## Try it:
Emit the line that holds "- net Net-(C50-Pad2): track 0.00 -> 1.77 mm" and all lines following it through the end of the data, verbatim, and nothing else.

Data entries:
Segment Open

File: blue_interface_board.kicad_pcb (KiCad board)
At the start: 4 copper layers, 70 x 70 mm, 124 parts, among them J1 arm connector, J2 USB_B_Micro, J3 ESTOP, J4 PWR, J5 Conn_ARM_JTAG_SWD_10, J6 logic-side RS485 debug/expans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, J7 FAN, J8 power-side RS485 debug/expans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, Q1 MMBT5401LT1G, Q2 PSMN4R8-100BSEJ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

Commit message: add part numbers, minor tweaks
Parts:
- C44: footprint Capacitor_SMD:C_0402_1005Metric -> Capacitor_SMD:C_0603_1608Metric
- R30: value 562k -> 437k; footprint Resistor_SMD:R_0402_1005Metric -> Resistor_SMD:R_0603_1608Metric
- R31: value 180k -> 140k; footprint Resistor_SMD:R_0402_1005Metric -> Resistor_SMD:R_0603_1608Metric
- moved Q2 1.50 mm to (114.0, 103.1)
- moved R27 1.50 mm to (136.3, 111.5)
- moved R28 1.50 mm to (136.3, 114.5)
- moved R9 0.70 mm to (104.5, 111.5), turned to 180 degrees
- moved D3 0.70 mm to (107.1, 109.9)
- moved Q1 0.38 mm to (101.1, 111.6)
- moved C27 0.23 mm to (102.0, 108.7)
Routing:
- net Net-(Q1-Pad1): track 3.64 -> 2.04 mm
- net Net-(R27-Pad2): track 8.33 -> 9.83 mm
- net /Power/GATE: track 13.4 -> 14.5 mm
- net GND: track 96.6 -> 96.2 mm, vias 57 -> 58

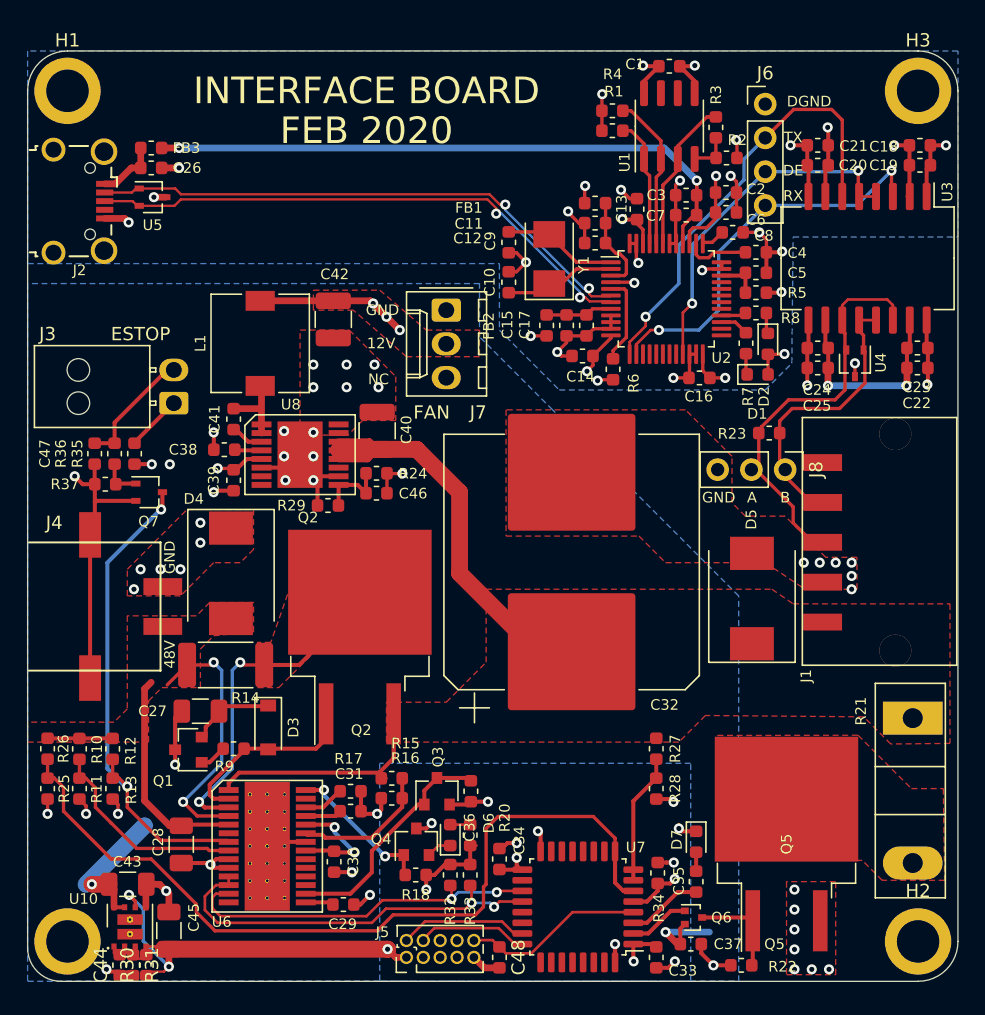
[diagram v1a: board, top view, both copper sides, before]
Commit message: add MOSFET drive IC, simply a bit by pushing more into MCU, tweak layout
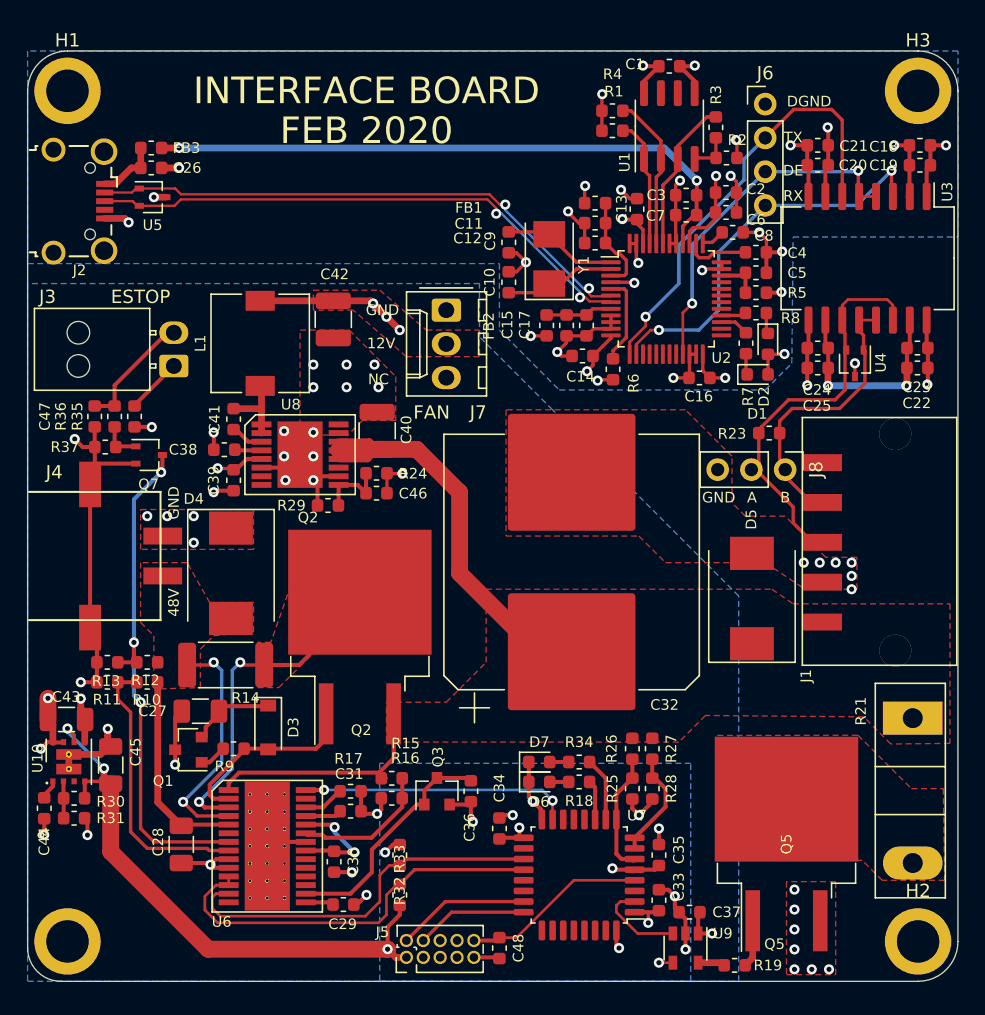
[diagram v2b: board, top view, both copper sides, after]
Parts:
- removed Q4: Q_NMOS_GDS, Package_TO_SOT_SMD:SOT-23
- removed Q6: Q_NMOS_GDS, Package_TO_SOT_SMD:SOT-416
- removed R20: 470R, Resistor_SMD:R_0603_1608Metric
- removed R22: 1k, Resistor_SMD:R_0603_1608Metric
- added R19: 33, Resistor_SMD:R_0603_1608Metric, F.Cu at (142.2, 127.8)
- added U9: FAN3111E, Package_TO_SOT_SMD:SOT-23-5, F.Cu at (138.5, 126.5)
- C37: value 100n -> 1u
- D6: value LED -> RED
- D7: value LED -> GREEN
- Q5: value Q_NMOS_GDS -> PSMN4R8-100BSEJ
- R18: value 100k -> 470R
- moved R25 44.0 mm to (134.5, 114.5)
- moved R26 44.0 mm to (134.5, 111.5)
- moved R18 14.2 mm to (130.5, 114.0)
- moved R30 13.7 mm to (92.5, 115.2), turned to 180 degrees
- moved U10 13.2 mm to (92.1, 112.5)
- moved D7 13.2 mm to (127.5, 112.5), turned to 0 degrees
- moved C43 13.2 mm to (91.9, 109.3)
- moved C45 13.2 mm to (95.2, 112.7)
- moved C44 13.1 mm to (90.2, 116.0)
- moved R34 12.6 mm to (130.5, 112.5), turned to 180 degrees
- moved R31 11.9 mm to (92.5, 116.7), turned to 0 degrees
- moved R13 9.51 mm to (95.0, 105.0), turned to 180 degrees
- moved R11 8.27 mm to (95.0, 106.5), turned to 180 degrees
- moved D6 7.80 mm to (127.5, 114.0), turned to 0 degrees
- moved R10 7.15 mm to (98.0, 106.5), turned to 180 degrees
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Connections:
- D6 pad 1: Net-(D6-Pad1) -> GND
- R18 pad 1: +3.3VP -> /Power/LEDR
- R18 pad 2: /Power/PGD -> Net-(D6-Pad2)
- R26 pad 1: /Power/VIN -> VOUT
- R34 pad 1: Net-(R34-Pad1) -> /Power/LEDG
- U7 pad 10: Net-(U7-Pad10) -> /Power/LEDG
- U7 pad 11: Net-(U7-Pad11) -> /Power/LEDR
- U7 pad 15: Net-(U7-Pad15) -> /Power/PGD
- U7 pad 3: Net-(R34-Pad1) -> Net-(U7-Pad3)
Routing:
- net Net-(R25-Pad1): track 62.9 -> 9.02 mm
- net /Power/PGD: track 11.3 -> 20.3 mm
- net +12V: track 35.7 -> 27.2 mm, vias 8 -> 9
- net /Power/VIN: track 41.2 -> 33.0 mm
- net +3.3VP: track 48.6 -> 56.7 mm, vias 7 -> 8
- net GND: track 96.2 -> 104.2 mm, vias 58 -> 53
- net Net-(R34-Pad1): track 5.68 -> 0.00 mm
- net Net-(R10-Pad2): track 15.8 -> 21.0 mm
- net /Power/LEDG: track 0.00 -> 4.83 mm
- net Net-(Q5-Pad1): track 7.29 -> 3.94 mm
- net /Power/LEDR: track 0.00 -> 3.00 mm
- net /Power/GATE_EN: track 4.58 -> 6.91 mm
- net Net-(R19-Pad1): track 0.00 -> 2.05 mm
- net Net-(D6-Pad1): track 1.90 -> 0.00 mm
- net Net-(Q7-Pad3): track 37.6 -> 39.3 mm, vias 2 -> 3
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
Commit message: layout tweaks. add debugging headers.
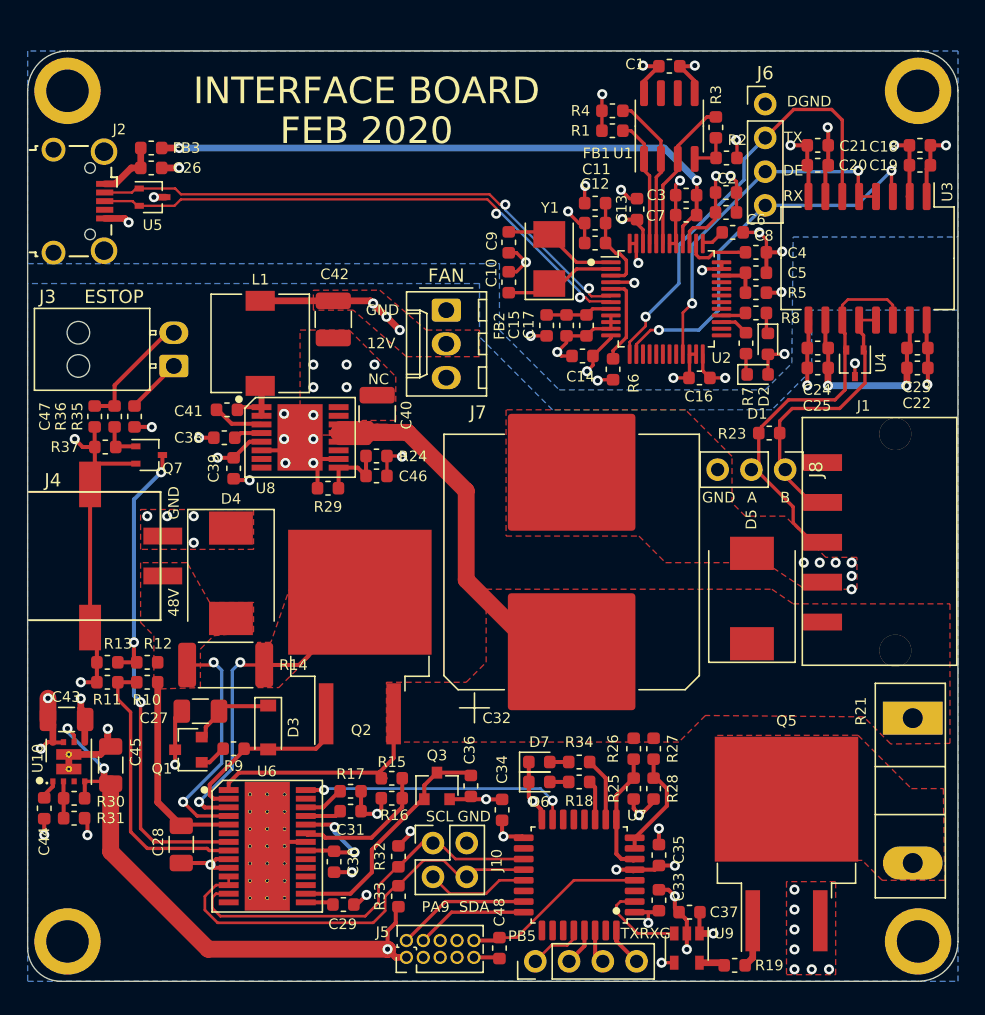
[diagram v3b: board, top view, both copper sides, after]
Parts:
- added J10: I2C, Connector_PinHeader_2.54mm:PinHeader_2x02_P2.54mm_Vertical, F.Cu at (119.5, 118.6)
- added J9: DEBUG, Connector_PinHeader_2.54mm:PinHeader_1x04_P2.54mm_Vertical, F.Cu at (127.2, 127.5)
- moved C34 1.41 mm to (124.7, 116.1)
- moved C46 1.30 mm to (115.2, 91.0)
- moved R24 1.30 mm to (115.2, 89.5)
- moved R29 1.30 mm to (111.6, 91.9)
- moved U8 1.30 mm to (109.5, 88.1)
- moved C40 1.28 mm to (115.3, 86.3)
- moved C38 0.90 mm to (103.8, 88.1)
- moved C39 0.90 mm to (104.5, 90.4)
- moved C41 0.86 mm to (104.0, 86.0), turned to 0 degrees
- moved C36 0.40 mm to (122.3, 114.3)
- moved Q3 0.40 mm to (119.8, 114.3)
- moved R32 0.14 mm to (116.9, 119.6)
- moved R33 0.14 mm to (116.9, 122.6)
- moved R25 0.10 mm to (134.6, 114.5)
- moved R26 0.10 mm to (134.6, 111.5)
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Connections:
- U7 pad 21: Net-(U7-Pad21) -> /Power/GPIO1
- U7 pad 28: Net-(U7-Pad28) -> /Power/GPIO0
- U7 pad 29: Net-(U7-Pad29) -> /Power/TX
- U7 pad 30: Net-(U7-Pad30) -> /Power/RX
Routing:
- net /Power/GPIO1: track 0.00 -> 7.76 mm
- net /Power/GPIO0: track 0.00 -> 4.23 mm
- net /Power/TX: track 0.00 -> 2.81 mm
- net /Power/RX: track 0.00 -> 2.57 mm
- net Net-(C41-Pad2): track 5.58 -> 4.19 mm
- net Net-(C41-Pad1): track 2.48 -> 3.84 mm
- net +3.3VP: track 56.7 -> 58.0 mm, vias 8 -> 9
- net VOUT: track 53.4 -> 54.3 mm
- net GND: track 104.2 -> 105.1 mm, vias 53 -> 50
- net +12V: track 27.2 -> 27.8 mm
- added copper zone on In2.Cu, net +12V
- added copper zone on In2.Cu, net +3.3VP
- added copper zone on B.Cu, net GND
- removed copper zone on B.Cu, net +12V
- removed copper zone on B.Cu, net +3.3VP
- removed copper zone on In2.Cu, net GND
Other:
- board text added: "PA9"
- board text added: "PB5"
- board text added: "SCL"
- board text added: "SDA"
- board text added: "TXRXG"

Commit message: ready to generate CAM
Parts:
- added C49: 22u, Capacitor_SMD:C_1206_3216Metric, F.Cu at (118.8, 65.1)
- added C50: 4n7, Capacitor_SMD:C_0603_1608Metric, F.Cu at (125.8, 67.1)
- added C51: 47u, Capacitor_SMD:C_1206_3216Metric, F.Cu at (122.5, 61.9)
- added R20: 437k, Resistor_SMD:R_0603_1608Metric, F.Cu at (125.0, 64.6)
- added R22: 140k, Resistor_SMD:R_0603_1608Metric, F.Cu at (126.5, 64.6)
- added U11: LMZ21700SIL, BLDC:SIL0008E, F.Cu at (122.0, 65.1)
- C29, C30: value 1uF -> 1u
- C36: value 1nF -> 1n
- C40, C42: footprint Capacitor_SMD:C_1210_3225Metric -> Capacitor_SMD:C_1206_3216Metric
- D1: value LED -> GREEN
- D2: value LED -> RED
- R11: value 6k5 -> 6k49
- R3: value 2k -> 2.2k
- U7: value STM32L011K4Tx -> STM32L071KZT6
- moved R29 4.47 mm to (115.3, 89.4)
- moved R24 2.38 mm to (116.1, 91.7), turned to 90 degrees
- moved C1 1.28 mm to (136.0, 60.1)
- moved C46 0.97 mm to (114.6, 91.7), turned to 90 degrees
- moved C40 0.20 mm to (115.1, 86.3)
- moved R9 0.10 mm to (104.4, 111.5)
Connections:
- net Net-(R7-Pad2) renamed /Comms/RXLED
- net Net-(R8-Pad2) renamed /Comms/TXLED
- C1 pad 1: +3V3 -> /Comms/FT232H_3V3
- C13 pad 1: +3V3 -> /Comms/FT232H_3V3
- C14 pad 1: +3V3 -> /Comms/FT232H_3V3
- C16 pad 1: +3V3 -> /Comms/FT232H_3V3
- C2 pad 1: +3V3 -> /Comms/FT232H_3V3
- C6 pad 1: +3V3 -> /Comms/FT232H_3V3
- D1 pad 2: +3V3 -> /Comms/FT232H_3V3
- D2 pad 2: +3V3 -> /Comms/FT232H_3V3
- FB1 pad 2: +3V3 -> /Comms/FT232H_3V3
- FB2 pad 1: +3V3 -> /Comms/FT232H_3V3
- R1 pad 1: +3V3 -> /Comms/FT232H_3V3
- R2 pad 1: +3V3 -> /Comms/FT232H_3V3
- R4 pad 1: +3V3 -> /Comms/FT232H_3V3
- R5 pad 2: +3V3 -> /Comms/FT232H_3V3
- U1 pad 8: +3V3 -> /Comms/FT232H_3V3
- U2 pad 12: +3V3 -> /Comms/FT232H_3V3
- U2 pad 24: +3V3 -> /Comms/FT232H_3V3
- U2 pad 39: +3V3 -> /Comms/FT232H_3V3
- U2 pad 46: +3V3 -> /Comms/FT232H_3V3
- U7 pad 31: Net-(U7-Pad31) -> GND
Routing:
- net /Comms/FT232H_3V3: track 0.00 -> 32.7 mm, vias 0 -> 10
- net +5V: track 46.4 -> 19.7 mm, vias 2 -> 6
- net +3V3: track 41.0 -> 25.4 mm, vias 13 -> 6
- net +12V: track 27.8 -> 40.5 mm
- net GNDD: track 57.4 -> 68.4 mm, vias 19 -> 24
- net GND: track 105.1 -> 110.0 mm, vias 50 -> 52
- net Net-(R20-Pad2): track 0.00 -> 3.07 mm
- net Net-(C50-Pad2): track 0.00 -> 1.77 mm
- net /Comms/RS485_DE: track 26.6 -> 28.3 mm
- added copper zone on F.Cu, net +3V3
- added copper zone on B.Cu, net +5V
- added copper zone on F.Cu, net +5V
- added copper zone on In2.Cu, net /Comms/FT232H_3V3
- added copper zone on F.Cu, net GNDD

Segment Closed

## Final answer:
- net Net-(C50-Pad2): track 0.00 -> 1.77 mm
- net /Comms/RS485_DE: track 26.6 -> 28.3 mm
- added copper zone on F.Cu, net +3V3
- added copper zone on B.Cu, net +5V
- added copper zone on F.Cu, net +5V
- added copper zone on In2.Cu, net /Comms/FT232H_3V3
- added copper zone on F.Cu, net GNDD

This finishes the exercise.